What you are asked to do >> Each line that contains "nbsp" needs to be copied from the listing.

######

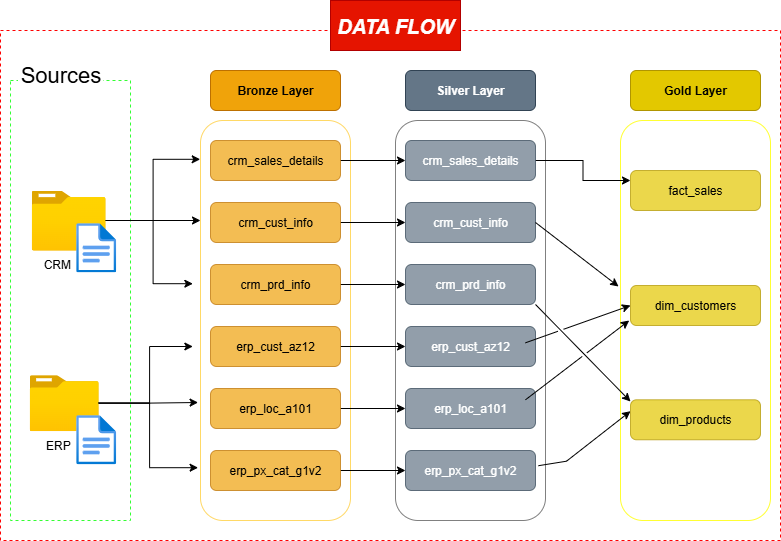

The diagram above was exported from draw.io. Its source (the exported page's mxGraphModel, read from the mxfile embedded in the PNG):
<mxGraphModel dx="1042" dy="626" grid="1" gridSize="10" guides="1" tooltips="1" connect="1" arrows="1" fold="1" page="1" pageScale="1" pageWidth="850" pageHeight="1100" math="0" shadow="0">
  <root>
    <mxCell id="0" />
    <mxCell id="1" parent="0" />
    <mxCell id="1sM1IIjtZavCWQarxnuG-102" value="" style="rounded=0;whiteSpace=wrap;html=1;fillColor=none;dashed=1;strokeColor=#FF0000;" parent="1" vertex="1">
      <mxGeometry x="30" y="30" width="780" height="510" as="geometry" />
    </mxCell>
    <mxCell id="1sM1IIjtZavCWQarxnuG-1" value="" style="rounded=0;whiteSpace=wrap;html=1;fillColor=none;strokeColor=#33FF33;dashed=1;" parent="1" vertex="1">
      <mxGeometry x="40" y="80" width="120" height="440" as="geometry" />
    </mxCell>
    <mxCell id="1sM1IIjtZavCWQarxnuG-2" value="&lt;font style=&quot;font-size: 22px;&quot;&gt;Sources&lt;/font&gt;" style="rounded=0;whiteSpace=wrap;html=1;strokeColor=none;fillColor=default;" parent="1" vertex="1">
      <mxGeometry x="47.5" y="60" width="85" height="30" as="geometry" />
    </mxCell>
    <mxCell id="1sM1IIjtZavCWQarxnuG-68" style="edgeStyle=orthogonalEdgeStyle;rounded=0;orthogonalLoop=1;jettySize=auto;html=1;entryX=0;entryY=0.25;entryDx=0;entryDy=0;" parent="1" source="1sM1IIjtZavCWQarxnuG-3" target="1sM1IIjtZavCWQarxnuG-13" edge="1">
      <mxGeometry relative="1" as="geometry" />
    </mxCell>
    <mxCell id="1sM1IIjtZavCWQarxnuG-3" value="CRM&amp;nbsp; &amp;nbsp; &amp;nbsp; &amp;nbsp;" style="image;aspect=fixed;html=1;points=[];align=center;fontSize=12;image=img/lib/azure2/general/Folder_Blank.svg;" parent="1" vertex="1">
      <mxGeometry x="61.21" y="190" width="73.93" height="60" as="geometry" />
    </mxCell>
    <mxCell id="1sM1IIjtZavCWQarxnuG-6" value="ERP&amp;nbsp; &amp;nbsp;&amp;nbsp;" style="image;aspect=fixed;html=1;points=[];align=center;fontSize=12;image=img/lib/azure2/general/Folder_Blank.svg;" parent="1" vertex="1">
      <mxGeometry x="59.21" y="374.64" width="69" height="56.00000000000001" as="geometry" />
    </mxCell>
    <mxCell id="1sM1IIjtZavCWQarxnuG-8" value="" style="image;aspect=fixed;html=1;points=[];align=center;fontSize=12;image=img/lib/azure2/general/File.svg;" parent="1" vertex="1">
      <mxGeometry x="105.71" y="222.71" width="40" height="49.29" as="geometry" />
    </mxCell>
    <mxCell id="1sM1IIjtZavCWQarxnuG-9" value="" style="image;aspect=fixed;html=1;points=[];align=center;fontSize=12;image=img/lib/azure2/general/File.svg;" parent="1" vertex="1">
      <mxGeometry x="105.71" y="414.64" width="40" height="49.29" as="geometry" />
    </mxCell>
    <mxCell id="1sM1IIjtZavCWQarxnuG-13" value="" style="rounded=1;whiteSpace=wrap;html=1;fillColor=none;strokeColor=#FFD966;" parent="1" vertex="1">
      <mxGeometry x="230" y="120" width="150" height="400" as="geometry" />
    </mxCell>
    <mxCell id="1sM1IIjtZavCWQarxnuG-18" value="" style="rounded=1;whiteSpace=wrap;html=1;fillColor=none;strokeColor=#808080;" parent="1" vertex="1">
      <mxGeometry x="425" y="120" width="150" height="400" as="geometry" />
    </mxCell>
    <mxCell id="1sM1IIjtZavCWQarxnuG-19" value="" style="rounded=1;whiteSpace=wrap;html=1;fillColor=none;strokeColor=#FFFF33;" parent="1" vertex="1">
      <mxGeometry x="650" y="120" width="150" height="400" as="geometry" />
    </mxCell>
    <mxCell id="1sM1IIjtZavCWQarxnuG-20" value="&lt;b&gt;Bronze Layer&lt;/b&gt;" style="rounded=1;whiteSpace=wrap;html=1;fillColor=#f0a30a;fontColor=#000000;strokeColor=#BD7000;" parent="1" vertex="1">
      <mxGeometry x="240" y="70" width="130" height="40" as="geometry" />
    </mxCell>
    <mxCell id="1sM1IIjtZavCWQarxnuG-21" value="&lt;b&gt;Silver Layer&lt;/b&gt;" style="rounded=1;whiteSpace=wrap;html=1;fillColor=#647687;fontColor=#ffffff;strokeColor=#314354;" parent="1" vertex="1">
      <mxGeometry x="435" y="70" width="130" height="40" as="geometry" />
    </mxCell>
    <mxCell id="1sM1IIjtZavCWQarxnuG-22" value="&lt;b&gt;Gold Layer&lt;/b&gt;" style="rounded=1;whiteSpace=wrap;html=1;fillColor=#e3c800;fontColor=#000000;strokeColor=#B09500;" parent="1" vertex="1">
      <mxGeometry x="660" y="70" width="130" height="40" as="geometry" />
    </mxCell>
    <mxCell id="1sM1IIjtZavCWQarxnuG-77" value="" style="edgeStyle=orthogonalEdgeStyle;rounded=0;orthogonalLoop=1;jettySize=auto;html=1;" parent="1" source="1sM1IIjtZavCWQarxnuG-25" target="1sM1IIjtZavCWQarxnuG-47" edge="1">
      <mxGeometry relative="1" as="geometry" />
    </mxCell>
    <mxCell id="1sM1IIjtZavCWQarxnuG-25" value="crm_sales_details" style="rounded=1;whiteSpace=wrap;html=1;fillColor=#f0a30a;fontColor=#000000;strokeColor=#BD7000;opacity=70;" parent="1" vertex="1">
      <mxGeometry x="240" y="140" width="130" height="40" as="geometry" />
    </mxCell>
    <mxCell id="1sM1IIjtZavCWQarxnuG-78" value="" style="edgeStyle=orthogonalEdgeStyle;rounded=0;orthogonalLoop=1;jettySize=auto;html=1;" parent="1" source="1sM1IIjtZavCWQarxnuG-26" target="1sM1IIjtZavCWQarxnuG-48" edge="1">
      <mxGeometry relative="1" as="geometry" />
    </mxCell>
    <mxCell id="1sM1IIjtZavCWQarxnuG-26" value="crm_cust_info" style="rounded=1;whiteSpace=wrap;html=1;fillColor=#f0a30a;fontColor=#000000;strokeColor=#BD7000;opacity=70;" parent="1" vertex="1">
      <mxGeometry x="240" y="202" width="130" height="40" as="geometry" />
    </mxCell>
    <mxCell id="1sM1IIjtZavCWQarxnuG-79" value="" style="edgeStyle=orthogonalEdgeStyle;rounded=0;orthogonalLoop=1;jettySize=auto;html=1;" parent="1" source="1sM1IIjtZavCWQarxnuG-27" target="1sM1IIjtZavCWQarxnuG-49" edge="1">
      <mxGeometry relative="1" as="geometry" />
    </mxCell>
    <mxCell id="1sM1IIjtZavCWQarxnuG-27" value="crm_prd_info" style="rounded=1;whiteSpace=wrap;html=1;fillColor=#f0a30a;fontColor=#000000;strokeColor=#BD7000;opacity=70;" parent="1" vertex="1">
      <mxGeometry x="240" y="264" width="130" height="40" as="geometry" />
    </mxCell>
    <mxCell id="1sM1IIjtZavCWQarxnuG-80" value="" style="edgeStyle=orthogonalEdgeStyle;rounded=0;orthogonalLoop=1;jettySize=auto;html=1;" parent="1" source="1sM1IIjtZavCWQarxnuG-28" target="1sM1IIjtZavCWQarxnuG-50" edge="1">
      <mxGeometry relative="1" as="geometry" />
    </mxCell>
    <mxCell id="1sM1IIjtZavCWQarxnuG-28" value="erp_cust_az12" style="rounded=1;whiteSpace=wrap;html=1;fillColor=#f0a30a;fontColor=#000000;strokeColor=#BD7000;opacity=70;" parent="1" vertex="1">
      <mxGeometry x="240" y="326" width="130" height="40" as="geometry" />
    </mxCell>
    <mxCell id="1sM1IIjtZavCWQarxnuG-81" value="" style="edgeStyle=orthogonalEdgeStyle;rounded=0;orthogonalLoop=1;jettySize=auto;html=1;" parent="1" source="1sM1IIjtZavCWQarxnuG-29" target="1sM1IIjtZavCWQarxnuG-51" edge="1">
      <mxGeometry relative="1" as="geometry" />
    </mxCell>
    <mxCell id="1sM1IIjtZavCWQarxnuG-29" value="erp_loc_a101" style="rounded=1;whiteSpace=wrap;html=1;fillColor=#f0a30a;fontColor=#000000;strokeColor=#BD7000;opacity=70;" parent="1" vertex="1">
      <mxGeometry x="240" y="388" width="130" height="40" as="geometry" />
    </mxCell>
    <mxCell id="1sM1IIjtZavCWQarxnuG-82" value="" style="edgeStyle=orthogonalEdgeStyle;rounded=0;orthogonalLoop=1;jettySize=auto;html=1;" parent="1" source="1sM1IIjtZavCWQarxnuG-30" target="1sM1IIjtZavCWQarxnuG-52" edge="1">
      <mxGeometry relative="1" as="geometry" />
    </mxCell>
    <mxCell id="1sM1IIjtZavCWQarxnuG-30" value="erp_px_cat_g1v2" style="rounded=1;whiteSpace=wrap;html=1;fillColor=#f0a30a;fontColor=#000000;strokeColor=#BD7000;opacity=70;" parent="1" vertex="1">
      <mxGeometry x="240" y="450" width="130" height="40" as="geometry" />
    </mxCell>
    <mxCell id="1sM1IIjtZavCWQarxnuG-97" style="edgeStyle=orthogonalEdgeStyle;rounded=0;orthogonalLoop=1;jettySize=auto;html=1;entryX=0;entryY=0.25;entryDx=0;entryDy=0;" parent="1" source="1sM1IIjtZavCWQarxnuG-47" target="1sM1IIjtZavCWQarxnuG-53" edge="1">
      <mxGeometry relative="1" as="geometry" />
    </mxCell>
    <mxCell id="1sM1IIjtZavCWQarxnuG-47" value="crm_sales_details" style="rounded=1;whiteSpace=wrap;html=1;fillColor=#647687;fontColor=#ffffff;strokeColor=#314354;opacity=70;" parent="1" vertex="1">
      <mxGeometry x="435" y="140" width="130" height="40" as="geometry" />
    </mxCell>
    <mxCell id="1sM1IIjtZavCWQarxnuG-48" value="crm_cust_info" style="rounded=1;whiteSpace=wrap;html=1;fillColor=#647687;fontColor=#ffffff;strokeColor=#314354;opacity=70;" parent="1" vertex="1">
      <mxGeometry x="435" y="202" width="130" height="40" as="geometry" />
    </mxCell>
    <mxCell id="1sM1IIjtZavCWQarxnuG-49" value="crm_prd_info" style="rounded=1;whiteSpace=wrap;html=1;fillColor=#647687;fontColor=#ffffff;strokeColor=#314354;opacity=70;" parent="1" vertex="1">
      <mxGeometry x="435" y="264" width="130" height="40" as="geometry" />
    </mxCell>
    <mxCell id="1sM1IIjtZavCWQarxnuG-50" value="erp_cust_az12" style="rounded=1;whiteSpace=wrap;html=1;fillColor=#647687;fontColor=#ffffff;strokeColor=#314354;opacity=70;" parent="1" vertex="1">
      <mxGeometry x="435" y="326" width="130" height="40" as="geometry" />
    </mxCell>
    <mxCell id="1sM1IIjtZavCWQarxnuG-51" value="erp_loc_a101" style="rounded=1;whiteSpace=wrap;html=1;fillColor=#647687;fontColor=#ffffff;strokeColor=#314354;opacity=70;" parent="1" vertex="1">
      <mxGeometry x="435" y="388" width="130" height="40" as="geometry" />
    </mxCell>
    <mxCell id="1sM1IIjtZavCWQarxnuG-52" value="erp_px_cat_g1v2" style="rounded=1;whiteSpace=wrap;html=1;fillColor=#647687;fontColor=#ffffff;strokeColor=#314354;opacity=70;" parent="1" vertex="1">
      <mxGeometry x="435" y="450" width="130" height="40" as="geometry" />
    </mxCell>
    <mxCell id="1sM1IIjtZavCWQarxnuG-53" value="fact_sales" style="rounded=1;whiteSpace=wrap;html=1;fillColor=#e3c800;fontColor=#000000;strokeColor=#B09500;opacity=70;fillStyle=auto;" parent="1" vertex="1">
      <mxGeometry x="660" y="170" width="130" height="40" as="geometry" />
    </mxCell>
    <mxCell id="1sM1IIjtZavCWQarxnuG-54" value="dim_customers" style="rounded=1;whiteSpace=wrap;html=1;fillColor=#e3c800;fontColor=#000000;strokeColor=#B09500;opacity=70;" parent="1" vertex="1">
      <mxGeometry x="660" y="285" width="130" height="40" as="geometry" />
    </mxCell>
    <mxCell id="1sM1IIjtZavCWQarxnuG-55" value="dim_products" style="rounded=1;whiteSpace=wrap;html=1;fillColor=#e3c800;fontColor=#000000;strokeColor=#B09500;opacity=70;" parent="1" vertex="1">
      <mxGeometry x="660" y="399.29" width="130" height="40" as="geometry" />
    </mxCell>
    <mxCell id="1sM1IIjtZavCWQarxnuG-67" style="edgeStyle=orthogonalEdgeStyle;rounded=0;orthogonalLoop=1;jettySize=auto;html=1;entryX=-0.002;entryY=0.097;entryDx=0;entryDy=0;entryPerimeter=0;" parent="1" source="1sM1IIjtZavCWQarxnuG-3" target="1sM1IIjtZavCWQarxnuG-13" edge="1">
      <mxGeometry relative="1" as="geometry" />
    </mxCell>
    <mxCell id="1sM1IIjtZavCWQarxnuG-69" style="edgeStyle=orthogonalEdgeStyle;rounded=0;orthogonalLoop=1;jettySize=auto;html=1;entryX=-0.051;entryY=0.408;entryDx=0;entryDy=0;entryPerimeter=0;" parent="1" source="1sM1IIjtZavCWQarxnuG-3" target="1sM1IIjtZavCWQarxnuG-13" edge="1">
      <mxGeometry relative="1" as="geometry" />
    </mxCell>
    <mxCell id="1sM1IIjtZavCWQarxnuG-74" style="edgeStyle=orthogonalEdgeStyle;rounded=0;orthogonalLoop=1;jettySize=auto;html=1;entryX=-0.016;entryY=0.705;entryDx=0;entryDy=0;entryPerimeter=0;" parent="1" source="1sM1IIjtZavCWQarxnuG-6" target="1sM1IIjtZavCWQarxnuG-13" edge="1">
      <mxGeometry relative="1" as="geometry" />
    </mxCell>
    <mxCell id="1sM1IIjtZavCWQarxnuG-75" style="edgeStyle=orthogonalEdgeStyle;rounded=0;orthogonalLoop=1;jettySize=auto;html=1;entryX=-0.051;entryY=0.565;entryDx=0;entryDy=0;entryPerimeter=0;" parent="1" source="1sM1IIjtZavCWQarxnuG-6" target="1sM1IIjtZavCWQarxnuG-13" edge="1">
      <mxGeometry relative="1" as="geometry" />
    </mxCell>
    <mxCell id="1sM1IIjtZavCWQarxnuG-76" style="edgeStyle=orthogonalEdgeStyle;rounded=0;orthogonalLoop=1;jettySize=auto;html=1;entryX=-0.016;entryY=0.868;entryDx=0;entryDy=0;entryPerimeter=0;" parent="1" source="1sM1IIjtZavCWQarxnuG-6" target="1sM1IIjtZavCWQarxnuG-13" edge="1">
      <mxGeometry relative="1" as="geometry" />
    </mxCell>
    <mxCell id="1sM1IIjtZavCWQarxnuG-90" value="" style="endArrow=classic;html=1;rounded=0;entryX=-0.013;entryY=0.415;entryDx=0;entryDy=0;entryPerimeter=0;exitX=1;exitY=0.5;exitDx=0;exitDy=0;" parent="1" source="1sM1IIjtZavCWQarxnuG-48" target="1sM1IIjtZavCWQarxnuG-19" edge="1">
      <mxGeometry width="50" height="50" relative="1" as="geometry">
        <mxPoint x="590" y="230" as="sourcePoint" />
        <mxPoint x="660" y="250" as="targetPoint" />
      </mxGeometry>
    </mxCell>
    <mxCell id="1sM1IIjtZavCWQarxnuG-91" value="" style="endArrow=classic;html=1;rounded=0;entryX=-0.013;entryY=0.415;entryDx=0;entryDy=0;entryPerimeter=0;exitX=1;exitY=1;exitDx=0;exitDy=0;jumpStyle=gap;" parent="1" source="1sM1IIjtZavCWQarxnuG-49" edge="1">
      <mxGeometry width="50" height="50" relative="1" as="geometry">
        <mxPoint x="537.05" y="291" as="sourcePoint" />
        <mxPoint x="660" y="401" as="targetPoint" />
      </mxGeometry>
    </mxCell>
    <mxCell id="1sM1IIjtZavCWQarxnuG-94" value="" style="endArrow=classic;html=1;rounded=0;entryX=0;entryY=0.5;entryDx=0;entryDy=0;exitX=1;exitY=1;exitDx=0;exitDy=0;jumpStyle=gap;" parent="1" target="1sM1IIjtZavCWQarxnuG-54" edge="1">
      <mxGeometry width="50" height="50" relative="1" as="geometry">
        <mxPoint x="555" y="342.29" as="sourcePoint" />
        <mxPoint x="650" y="439.29" as="targetPoint" />
      </mxGeometry>
    </mxCell>
    <mxCell id="1sM1IIjtZavCWQarxnuG-95" value="" style="endArrow=classic;html=1;rounded=0;entryX=0.058;entryY=0.5;entryDx=0;entryDy=0;exitX=1;exitY=1;exitDx=0;exitDy=0;entryPerimeter=0;jumpStyle=gap;" parent="1" target="1sM1IIjtZavCWQarxnuG-19" edge="1">
      <mxGeometry width="50" height="50" relative="1" as="geometry">
        <mxPoint x="555" y="399.29" as="sourcePoint" />
        <mxPoint x="660" y="362" as="targetPoint" />
      </mxGeometry>
    </mxCell>
    <mxCell id="1sM1IIjtZavCWQarxnuG-96" value="" style="endArrow=classic;html=1;rounded=0;entryX=0.058;entryY=0.5;entryDx=0;entryDy=0;exitX=0.953;exitY=0.863;exitDx=0;exitDy=0;entryPerimeter=0;exitPerimeter=0;jumpStyle=gap;" parent="1" source="1sM1IIjtZavCWQarxnuG-18" edge="1">
      <mxGeometry width="50" height="50" relative="1" as="geometry">
        <mxPoint x="556" y="489.99999999999994" as="sourcePoint" />
        <mxPoint x="660" y="410.71" as="targetPoint" />
        <Array as="points">
          <mxPoint x="596" y="460.71" />
        </Array>
      </mxGeometry>
    </mxCell>
    <mxCell id="1sM1IIjtZavCWQarxnuG-103" value="&lt;font style=&quot;font-size: 20px;&quot;&gt;&lt;b&gt;&lt;i&gt;DATA FLOW&lt;/i&gt;&lt;/b&gt;&lt;/font&gt;" style="rounded=0;whiteSpace=wrap;html=1;fillColor=#e51400;fontColor=#ffffff;strokeColor=#B20000;" parent="1" vertex="1">
      <mxGeometry x="360" width="130" height="50" as="geometry" />
    </mxCell>
  </root>
</mxGraphModel>

######

Answer for this exercise >>
    <mxCell id="1sM1IIjtZavCWQarxnuG-3" value="CRM&amp;nbsp; &amp;nbsp; &amp;nbsp; &amp;nbsp;" style="image;aspect=fixed;html=1;points=[];align=center;fontSize=12;image=img/lib/azure2/general/Folder_Blank.svg;" parent="1" vertex="1">
    <mxCell id="1sM1IIjtZavCWQarxnuG-6" value="ERP&amp;nbsp; &amp;nbsp;&amp;nbsp;" style="image;aspect=fixed;html=1;points=[];align=center;fontSize=12;image=img/lib/azure2/general/Folder_Blank.svg;" parent="1" vertex="1">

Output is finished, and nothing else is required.